The answer must consist of every line from the data that holds "Inputs".

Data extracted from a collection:
+===+

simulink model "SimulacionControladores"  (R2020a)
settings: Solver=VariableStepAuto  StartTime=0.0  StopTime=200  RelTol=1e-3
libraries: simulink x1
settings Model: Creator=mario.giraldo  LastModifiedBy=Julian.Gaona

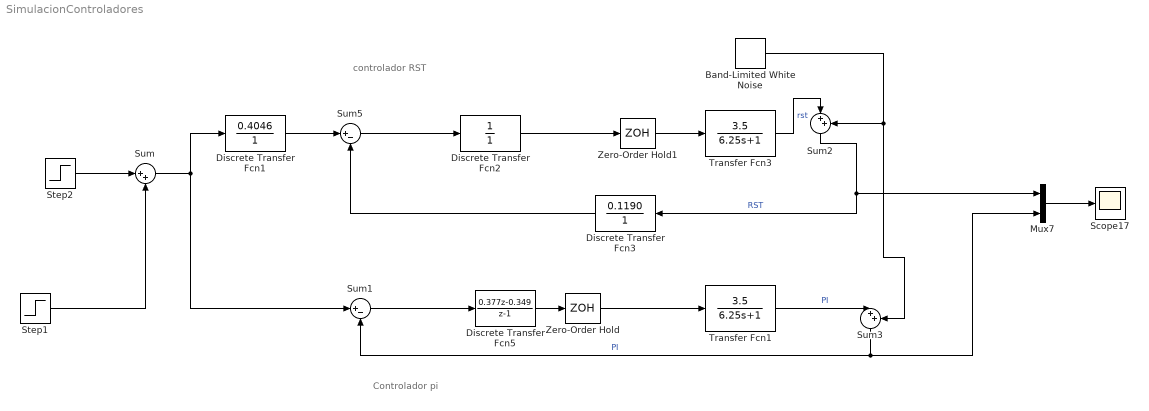
== system SimulacionControladores ==
  note: controlador RST
  note: Controlador pi
  Band-Limited White Noise : simulink/Sources/Band-Limited White Noise  Cov=[0.0000001]  Ts=0.27  seed=[01010]  VectorParams1D=off
  Discrete Transfer Fcn1 : DiscreteTransferFcn  Numerator=[0.4046]  Denominator=[1]
  Discrete Transfer Fcn2 : DiscreteTransferFcn  Denominator=[1]
  Discrete Transfer Fcn3 : DiscreteTransferFcn  Numerator=[0.1190]  Denominator=[1]
  Discrete Transfer Fcn5 : DiscreteTransferFcn  Numerator=[0.377 -0.349]  Denominator=[1 -1]
  Mux7 : Mux  Inputs=2
  Scope17 : Scope
  Step1 : Step  After=20  SampleTime=0
  Step2 : Step  Time=40  After=20  SampleTime=0
  Sum : Sum  Inputs=|++
  Sum1 : Sum  Inputs=|+-
  Sum2 : Sum  Inputs=|++
  Sum3 : Sum  Inputs=|++
  Sum5 : Sum  Inputs=|+-
  Transfer Fcn1 : TransferFcn  Numerator=[3.5]  Denominator=[6.25 1]
  Transfer Fcn3 : TransferFcn  Numerator=[3.5]  Denominator=[6.25 1]
  Zero-Order Hold : ZeroOrderHold  SampleTime=-1
  Zero-Order Hold1 : ZeroOrderHold  SampleTime=-1
  wires:
  Sum5/1 -> Discrete Transfer Fcn2/1
  Mux7/1 -> Scope17/1
  Zero-Order Hold1/1 -> Transfer Fcn3/1
  Discrete Transfer Fcn2/1 -> Zero-Order Hold1/1
  Discrete Transfer Fcn3/1 -> Sum5/2
  Discrete Transfer Fcn1/1 -> Sum5/1
  Discrete Transfer Fcn5/1 -> Zero-Order Hold/1
  Sum1/1 -> Discrete Transfer Fcn5/1
  Zero-Order Hold/1 -> Transfer Fcn1/1
  Step1/1 -> Sum/2
  Sum/1 -> Sum1/1, Discrete Transfer Fcn1/1
  Step2/1 -> Sum/1
  Transfer Fcn3/1 -> Sum2/1  "rst"
  Sum2/1 -> Discrete Transfer Fcn3/1, Mux7/1  "RST"
  Band-Limited White Noise/1 -> Sum3/2, Sum2/2
  Transfer Fcn1/1 -> Sum3/1  "PI"
  Sum3/1 -> Mux7/2, Sum1/2  "PI"

+===+

# RESPONSE BOX:
  Mux7 : Mux  Inputs=2
  Sum : Sum  Inputs=|++
  Sum1 : Sum  Inputs=|+-
  Sum2 : Sum  Inputs=|++
  Sum3 : Sum  Inputs=|++
  Sum5 : Sum  Inputs=|+-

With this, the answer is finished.